---------- Records for the exercise ----------

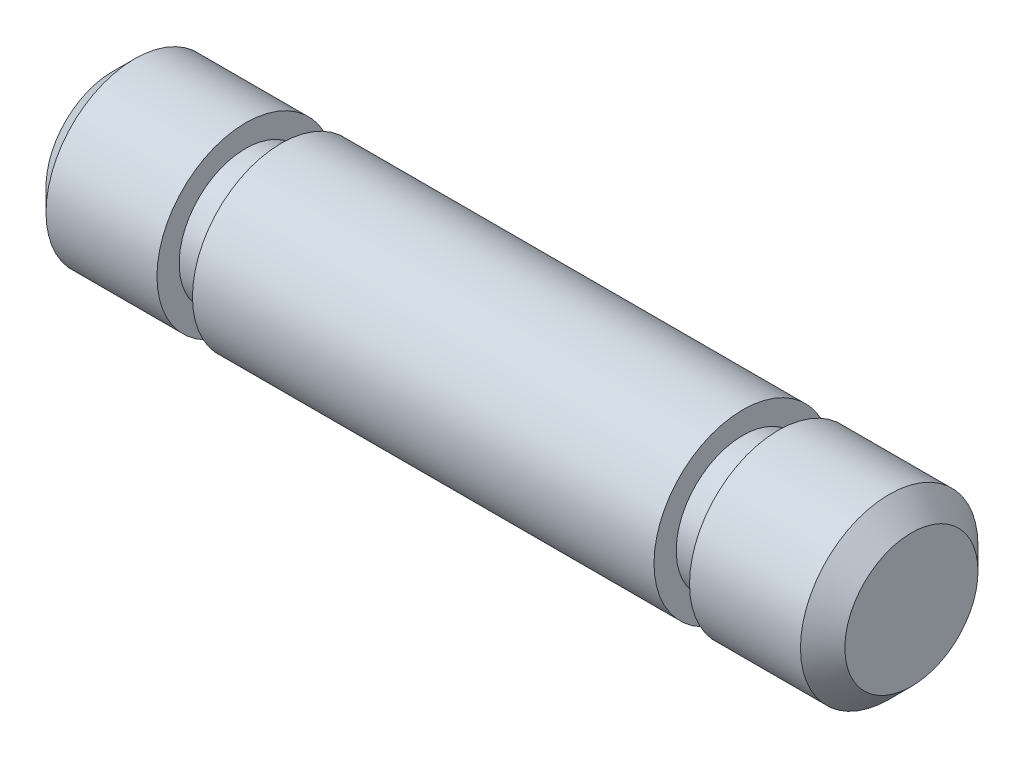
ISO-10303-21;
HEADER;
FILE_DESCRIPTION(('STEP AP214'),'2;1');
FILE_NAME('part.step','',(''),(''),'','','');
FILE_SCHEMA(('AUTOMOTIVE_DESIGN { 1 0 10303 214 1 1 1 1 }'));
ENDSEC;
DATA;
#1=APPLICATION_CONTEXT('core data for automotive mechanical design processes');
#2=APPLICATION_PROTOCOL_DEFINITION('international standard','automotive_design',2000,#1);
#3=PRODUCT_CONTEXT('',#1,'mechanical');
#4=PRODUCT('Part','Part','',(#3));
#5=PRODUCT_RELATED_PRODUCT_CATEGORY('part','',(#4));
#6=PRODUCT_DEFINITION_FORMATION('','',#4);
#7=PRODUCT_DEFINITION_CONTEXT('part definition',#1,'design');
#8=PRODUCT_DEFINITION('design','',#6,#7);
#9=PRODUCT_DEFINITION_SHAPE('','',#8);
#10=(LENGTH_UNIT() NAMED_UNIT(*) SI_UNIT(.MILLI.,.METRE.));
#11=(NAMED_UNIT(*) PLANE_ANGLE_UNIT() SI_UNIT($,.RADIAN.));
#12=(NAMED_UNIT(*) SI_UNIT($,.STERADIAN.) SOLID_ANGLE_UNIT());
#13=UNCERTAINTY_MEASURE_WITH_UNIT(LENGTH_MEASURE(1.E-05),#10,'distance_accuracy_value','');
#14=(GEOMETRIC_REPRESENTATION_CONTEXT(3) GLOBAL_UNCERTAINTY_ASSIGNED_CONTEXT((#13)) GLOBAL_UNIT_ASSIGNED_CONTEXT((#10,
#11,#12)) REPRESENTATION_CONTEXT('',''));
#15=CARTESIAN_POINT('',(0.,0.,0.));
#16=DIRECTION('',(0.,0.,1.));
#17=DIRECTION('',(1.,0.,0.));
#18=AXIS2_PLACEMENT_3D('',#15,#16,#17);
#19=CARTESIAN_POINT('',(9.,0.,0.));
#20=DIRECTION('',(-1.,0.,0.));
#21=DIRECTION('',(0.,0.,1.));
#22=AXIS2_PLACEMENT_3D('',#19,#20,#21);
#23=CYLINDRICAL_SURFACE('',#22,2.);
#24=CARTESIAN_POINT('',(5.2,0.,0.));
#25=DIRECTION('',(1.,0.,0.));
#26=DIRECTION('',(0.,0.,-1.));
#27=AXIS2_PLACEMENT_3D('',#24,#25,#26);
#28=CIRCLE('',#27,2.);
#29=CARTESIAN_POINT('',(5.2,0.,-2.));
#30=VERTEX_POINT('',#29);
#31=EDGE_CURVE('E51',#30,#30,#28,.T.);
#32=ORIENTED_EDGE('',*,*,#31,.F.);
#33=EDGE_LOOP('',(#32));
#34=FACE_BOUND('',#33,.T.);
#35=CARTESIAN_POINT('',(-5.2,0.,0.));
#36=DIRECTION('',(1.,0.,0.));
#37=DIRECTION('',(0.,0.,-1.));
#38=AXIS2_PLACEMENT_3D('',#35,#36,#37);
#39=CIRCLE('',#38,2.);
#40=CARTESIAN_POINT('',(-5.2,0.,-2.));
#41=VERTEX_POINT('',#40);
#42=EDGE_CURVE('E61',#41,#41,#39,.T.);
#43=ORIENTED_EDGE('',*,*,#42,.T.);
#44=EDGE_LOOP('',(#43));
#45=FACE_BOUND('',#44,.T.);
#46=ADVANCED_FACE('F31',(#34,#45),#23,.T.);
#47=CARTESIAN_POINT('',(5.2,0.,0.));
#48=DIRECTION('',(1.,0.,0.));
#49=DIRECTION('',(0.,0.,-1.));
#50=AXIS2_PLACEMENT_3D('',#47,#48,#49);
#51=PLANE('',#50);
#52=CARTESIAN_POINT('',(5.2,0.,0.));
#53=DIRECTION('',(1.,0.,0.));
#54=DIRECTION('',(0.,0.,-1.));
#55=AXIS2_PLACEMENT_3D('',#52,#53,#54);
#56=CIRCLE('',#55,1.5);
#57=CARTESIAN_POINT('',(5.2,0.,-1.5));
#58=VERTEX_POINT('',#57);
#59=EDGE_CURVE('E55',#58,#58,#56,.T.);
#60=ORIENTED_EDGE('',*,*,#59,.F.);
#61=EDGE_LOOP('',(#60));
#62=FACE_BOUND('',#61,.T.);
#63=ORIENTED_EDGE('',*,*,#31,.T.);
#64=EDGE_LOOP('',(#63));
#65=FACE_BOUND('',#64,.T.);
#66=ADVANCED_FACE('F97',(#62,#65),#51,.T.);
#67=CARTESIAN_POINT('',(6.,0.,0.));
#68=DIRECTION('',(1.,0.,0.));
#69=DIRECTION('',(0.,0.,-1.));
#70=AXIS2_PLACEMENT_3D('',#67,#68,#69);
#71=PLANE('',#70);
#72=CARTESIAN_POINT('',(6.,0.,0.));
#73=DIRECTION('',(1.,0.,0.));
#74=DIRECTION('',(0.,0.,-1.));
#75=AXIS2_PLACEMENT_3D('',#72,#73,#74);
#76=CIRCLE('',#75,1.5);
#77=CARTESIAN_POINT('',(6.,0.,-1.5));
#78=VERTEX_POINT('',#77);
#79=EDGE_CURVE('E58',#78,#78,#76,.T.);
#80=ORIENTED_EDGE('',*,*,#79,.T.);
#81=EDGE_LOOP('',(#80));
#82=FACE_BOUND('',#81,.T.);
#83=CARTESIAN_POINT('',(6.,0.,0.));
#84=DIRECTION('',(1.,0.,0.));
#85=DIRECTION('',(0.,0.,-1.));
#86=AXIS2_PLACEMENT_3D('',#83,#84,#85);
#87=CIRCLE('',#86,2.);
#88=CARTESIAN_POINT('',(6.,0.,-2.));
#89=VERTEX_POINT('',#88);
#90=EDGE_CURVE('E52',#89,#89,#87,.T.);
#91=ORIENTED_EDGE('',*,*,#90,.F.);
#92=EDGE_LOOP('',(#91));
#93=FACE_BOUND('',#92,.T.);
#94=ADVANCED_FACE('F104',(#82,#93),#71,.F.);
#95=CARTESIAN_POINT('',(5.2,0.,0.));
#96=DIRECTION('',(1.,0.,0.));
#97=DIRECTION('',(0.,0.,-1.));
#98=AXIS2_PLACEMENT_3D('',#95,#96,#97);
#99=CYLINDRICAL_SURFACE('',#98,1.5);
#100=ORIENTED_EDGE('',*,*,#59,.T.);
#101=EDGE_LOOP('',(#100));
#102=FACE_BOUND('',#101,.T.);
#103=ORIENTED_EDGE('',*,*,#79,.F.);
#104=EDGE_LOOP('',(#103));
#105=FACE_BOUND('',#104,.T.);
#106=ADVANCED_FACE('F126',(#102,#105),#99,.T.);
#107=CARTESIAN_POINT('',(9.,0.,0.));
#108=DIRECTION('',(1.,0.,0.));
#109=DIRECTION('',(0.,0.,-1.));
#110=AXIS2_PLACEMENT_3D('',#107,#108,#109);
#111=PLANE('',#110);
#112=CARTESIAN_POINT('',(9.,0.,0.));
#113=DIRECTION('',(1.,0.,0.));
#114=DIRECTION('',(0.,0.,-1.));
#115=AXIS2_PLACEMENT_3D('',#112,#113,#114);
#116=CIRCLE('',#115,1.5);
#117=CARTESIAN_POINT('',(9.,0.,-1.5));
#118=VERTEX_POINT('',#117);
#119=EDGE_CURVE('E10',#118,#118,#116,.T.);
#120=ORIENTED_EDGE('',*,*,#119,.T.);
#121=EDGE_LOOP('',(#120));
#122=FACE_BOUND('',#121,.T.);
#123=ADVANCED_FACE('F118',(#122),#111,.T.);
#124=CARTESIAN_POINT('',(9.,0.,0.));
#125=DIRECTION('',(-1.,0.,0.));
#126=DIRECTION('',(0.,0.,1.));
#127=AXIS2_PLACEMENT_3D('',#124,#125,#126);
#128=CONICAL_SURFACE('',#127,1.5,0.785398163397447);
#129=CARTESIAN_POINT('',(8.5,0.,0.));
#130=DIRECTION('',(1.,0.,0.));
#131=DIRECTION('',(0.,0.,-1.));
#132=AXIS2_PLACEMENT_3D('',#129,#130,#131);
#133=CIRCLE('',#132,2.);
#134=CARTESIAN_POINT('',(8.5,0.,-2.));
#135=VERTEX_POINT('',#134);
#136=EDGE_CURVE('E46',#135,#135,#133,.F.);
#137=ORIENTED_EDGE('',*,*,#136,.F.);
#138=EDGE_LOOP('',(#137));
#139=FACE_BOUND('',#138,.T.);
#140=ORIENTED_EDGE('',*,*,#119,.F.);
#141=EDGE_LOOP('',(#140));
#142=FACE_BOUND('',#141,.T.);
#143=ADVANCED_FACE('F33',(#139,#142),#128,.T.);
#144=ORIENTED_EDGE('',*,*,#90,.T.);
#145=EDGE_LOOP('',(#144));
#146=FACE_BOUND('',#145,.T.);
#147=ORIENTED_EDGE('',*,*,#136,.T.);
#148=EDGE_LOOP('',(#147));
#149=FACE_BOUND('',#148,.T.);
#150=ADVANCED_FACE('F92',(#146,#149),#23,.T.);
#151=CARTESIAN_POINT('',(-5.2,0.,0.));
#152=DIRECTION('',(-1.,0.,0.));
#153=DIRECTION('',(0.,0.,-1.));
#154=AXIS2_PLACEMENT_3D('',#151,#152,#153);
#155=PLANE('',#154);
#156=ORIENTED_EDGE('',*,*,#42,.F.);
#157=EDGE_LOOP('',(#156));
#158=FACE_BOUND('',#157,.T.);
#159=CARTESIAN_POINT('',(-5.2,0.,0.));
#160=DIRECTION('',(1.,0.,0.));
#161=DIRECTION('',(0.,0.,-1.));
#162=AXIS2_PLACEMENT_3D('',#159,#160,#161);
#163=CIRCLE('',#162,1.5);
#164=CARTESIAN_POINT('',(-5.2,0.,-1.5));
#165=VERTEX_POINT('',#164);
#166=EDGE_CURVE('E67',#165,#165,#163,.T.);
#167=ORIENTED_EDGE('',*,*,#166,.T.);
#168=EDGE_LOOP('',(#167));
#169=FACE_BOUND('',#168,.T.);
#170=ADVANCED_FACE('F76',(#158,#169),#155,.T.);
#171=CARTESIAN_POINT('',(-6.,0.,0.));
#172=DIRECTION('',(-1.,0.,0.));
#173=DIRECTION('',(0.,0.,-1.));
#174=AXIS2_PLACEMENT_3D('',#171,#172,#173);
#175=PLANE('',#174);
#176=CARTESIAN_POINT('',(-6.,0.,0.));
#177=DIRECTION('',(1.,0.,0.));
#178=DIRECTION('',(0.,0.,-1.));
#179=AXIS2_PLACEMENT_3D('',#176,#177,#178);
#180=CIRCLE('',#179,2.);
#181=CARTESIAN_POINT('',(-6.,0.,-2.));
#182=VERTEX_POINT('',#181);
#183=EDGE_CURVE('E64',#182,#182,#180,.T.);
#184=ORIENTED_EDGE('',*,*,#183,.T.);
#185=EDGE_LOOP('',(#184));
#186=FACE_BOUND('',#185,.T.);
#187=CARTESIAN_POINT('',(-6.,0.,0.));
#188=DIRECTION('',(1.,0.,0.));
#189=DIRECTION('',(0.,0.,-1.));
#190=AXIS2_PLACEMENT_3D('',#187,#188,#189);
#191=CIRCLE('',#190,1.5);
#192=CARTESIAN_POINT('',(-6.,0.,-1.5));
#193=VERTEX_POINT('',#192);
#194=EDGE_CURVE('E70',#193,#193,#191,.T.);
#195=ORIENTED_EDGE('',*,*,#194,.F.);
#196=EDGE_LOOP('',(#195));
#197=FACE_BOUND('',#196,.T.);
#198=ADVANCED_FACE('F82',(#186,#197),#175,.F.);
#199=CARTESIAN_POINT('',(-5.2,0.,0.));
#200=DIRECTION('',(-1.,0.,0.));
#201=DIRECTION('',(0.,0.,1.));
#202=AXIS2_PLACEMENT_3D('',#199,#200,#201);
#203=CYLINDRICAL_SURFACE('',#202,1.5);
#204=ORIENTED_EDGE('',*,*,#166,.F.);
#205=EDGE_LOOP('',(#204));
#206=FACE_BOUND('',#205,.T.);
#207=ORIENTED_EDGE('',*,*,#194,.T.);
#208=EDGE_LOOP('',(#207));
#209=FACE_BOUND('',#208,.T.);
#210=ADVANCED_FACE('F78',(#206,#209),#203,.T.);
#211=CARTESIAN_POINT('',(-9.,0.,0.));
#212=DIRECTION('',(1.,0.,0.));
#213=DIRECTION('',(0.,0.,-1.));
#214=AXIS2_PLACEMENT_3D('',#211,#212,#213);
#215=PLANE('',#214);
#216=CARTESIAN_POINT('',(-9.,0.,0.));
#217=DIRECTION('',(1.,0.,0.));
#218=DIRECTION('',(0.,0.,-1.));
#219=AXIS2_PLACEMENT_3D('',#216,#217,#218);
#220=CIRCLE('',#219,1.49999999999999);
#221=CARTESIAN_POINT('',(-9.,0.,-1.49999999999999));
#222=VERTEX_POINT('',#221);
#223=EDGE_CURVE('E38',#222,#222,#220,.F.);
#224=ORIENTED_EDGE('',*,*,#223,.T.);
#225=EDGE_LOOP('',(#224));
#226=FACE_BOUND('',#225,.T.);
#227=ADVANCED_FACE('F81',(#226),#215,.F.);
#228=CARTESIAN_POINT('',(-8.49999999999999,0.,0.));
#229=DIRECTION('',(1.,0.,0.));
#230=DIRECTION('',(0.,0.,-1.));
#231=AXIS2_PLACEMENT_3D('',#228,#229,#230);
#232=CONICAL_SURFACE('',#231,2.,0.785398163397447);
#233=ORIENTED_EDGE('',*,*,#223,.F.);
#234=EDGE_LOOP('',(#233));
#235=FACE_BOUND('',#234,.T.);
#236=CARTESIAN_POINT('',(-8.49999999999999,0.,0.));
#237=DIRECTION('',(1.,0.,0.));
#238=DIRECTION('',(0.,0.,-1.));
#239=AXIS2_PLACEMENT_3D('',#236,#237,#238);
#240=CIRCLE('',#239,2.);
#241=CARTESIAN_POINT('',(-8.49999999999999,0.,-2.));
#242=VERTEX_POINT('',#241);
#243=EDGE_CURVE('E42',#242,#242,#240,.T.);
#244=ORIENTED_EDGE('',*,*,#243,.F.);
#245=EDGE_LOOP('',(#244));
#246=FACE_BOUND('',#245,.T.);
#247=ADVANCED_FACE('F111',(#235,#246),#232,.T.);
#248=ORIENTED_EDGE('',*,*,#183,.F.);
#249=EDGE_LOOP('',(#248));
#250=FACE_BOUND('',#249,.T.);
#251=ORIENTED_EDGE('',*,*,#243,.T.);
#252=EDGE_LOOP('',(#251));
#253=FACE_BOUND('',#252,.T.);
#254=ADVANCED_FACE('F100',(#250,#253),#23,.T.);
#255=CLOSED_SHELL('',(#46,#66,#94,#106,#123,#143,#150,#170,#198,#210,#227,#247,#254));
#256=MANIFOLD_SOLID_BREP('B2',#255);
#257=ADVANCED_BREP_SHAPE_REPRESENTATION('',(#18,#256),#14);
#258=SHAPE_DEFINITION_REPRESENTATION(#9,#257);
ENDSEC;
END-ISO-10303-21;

----------

Work instruction.
If a line comes after the line with "#46=ADVANCED_FACE('F31',(#34,#45),#23,.T.);", it stays out; print exactly every line from the start of the entries up to and including that line, but no pictures.

Your solution.
ISO-10303-21;
HEADER;
FILE_DESCRIPTION(('STEP AP214'),'2;1');
FILE_NAME('part.step','',(''),(''),'','','');
FILE_SCHEMA(('AUTOMOTIVE_DESIGN { 1 0 10303 214 1 1 1 1 }'));
ENDSEC;
DATA;
#1=APPLICATION_CONTEXT('core data for automotive mechanical design processes');
#2=APPLICATION_PROTOCOL_DEFINITION('international standard','automotive_design',2000,#1);
#3=PRODUCT_CONTEXT('',#1,'mechanical');
#4=PRODUCT('Part','Part','',(#3));
#5=PRODUCT_RELATED_PRODUCT_CATEGORY('part','',(#4));
#6=PRODUCT_DEFINITION_FORMATION('','',#4);
#7=PRODUCT_DEFINITION_CONTEXT('part definition',#1,'design');
#8=PRODUCT_DEFINITION('design','',#6,#7);
#9=PRODUCT_DEFINITION_SHAPE('','',#8);
#10=(LENGTH_UNIT() NAMED_UNIT(*) SI_UNIT(.MILLI.,.METRE.));
#11=(NAMED_UNIT(*) PLANE_ANGLE_UNIT() SI_UNIT($,.RADIAN.));
#12=(NAMED_UNIT(*) SI_UNIT($,.STERADIAN.) SOLID_ANGLE_UNIT());
#13=UNCERTAINTY_MEASURE_WITH_UNIT(LENGTH_MEASURE(1.E-05),#10,'distance_accuracy_value','');
#14=(GEOMETRIC_REPRESENTATION_CONTEXT(3) GLOBAL_UNCERTAINTY_ASSIGNED_CONTEXT((#13)) GLOBAL_UNIT_ASSIGNED_CONTEXT((#10,
#11,#12)) REPRESENTATION_CONTEXT('',''));
#15=CARTESIAN_POINT('',(0.,0.,0.));
#16=DIRECTION('',(0.,0.,1.));
#17=DIRECTION('',(1.,0.,0.));
#18=AXIS2_PLACEMENT_3D('',#15,#16,#17);
#19=CARTESIAN_POINT('',(9.,0.,0.));
#20=DIRECTION('',(-1.,0.,0.));
#21=DIRECTION('',(0.,0.,1.));
#22=AXIS2_PLACEMENT_3D('',#19,#20,#21);
#23=CYLINDRICAL_SURFACE('',#22,2.);
#24=CARTESIAN_POINT('',(5.2,0.,0.));
#25=DIRECTION('',(1.,0.,0.));
#26=DIRECTION('',(0.,0.,-1.));
#27=AXIS2_PLACEMENT_3D('',#24,#25,#26);
#28=CIRCLE('',#27,2.);
#29=CARTESIAN_POINT('',(5.2,0.,-2.));
#30=VERTEX_POINT('',#29);
#31=EDGE_CURVE('E51',#30,#30,#28,.T.);
#32=ORIENTED_EDGE('',*,*,#31,.F.);
#33=EDGE_LOOP('',(#32));
#34=FACE_BOUND('',#33,.T.);
#35=CARTESIAN_POINT('',(-5.2,0.,0.));
#36=DIRECTION('',(1.,0.,0.));
#37=DIRECTION('',(0.,0.,-1.));
#38=AXIS2_PLACEMENT_3D('',#35,#36,#37);
#39=CIRCLE('',#38,2.);
#40=CARTESIAN_POINT('',(-5.2,0.,-2.));
#41=VERTEX_POINT('',#40);
#42=EDGE_CURVE('E61',#41,#41,#39,.T.);
#43=ORIENTED_EDGE('',*,*,#42,.T.);
#44=EDGE_LOOP('',(#43));
#45=FACE_BOUND('',#44,.T.);
#46=ADVANCED_FACE('F31',(#34,#45),#23,.T.);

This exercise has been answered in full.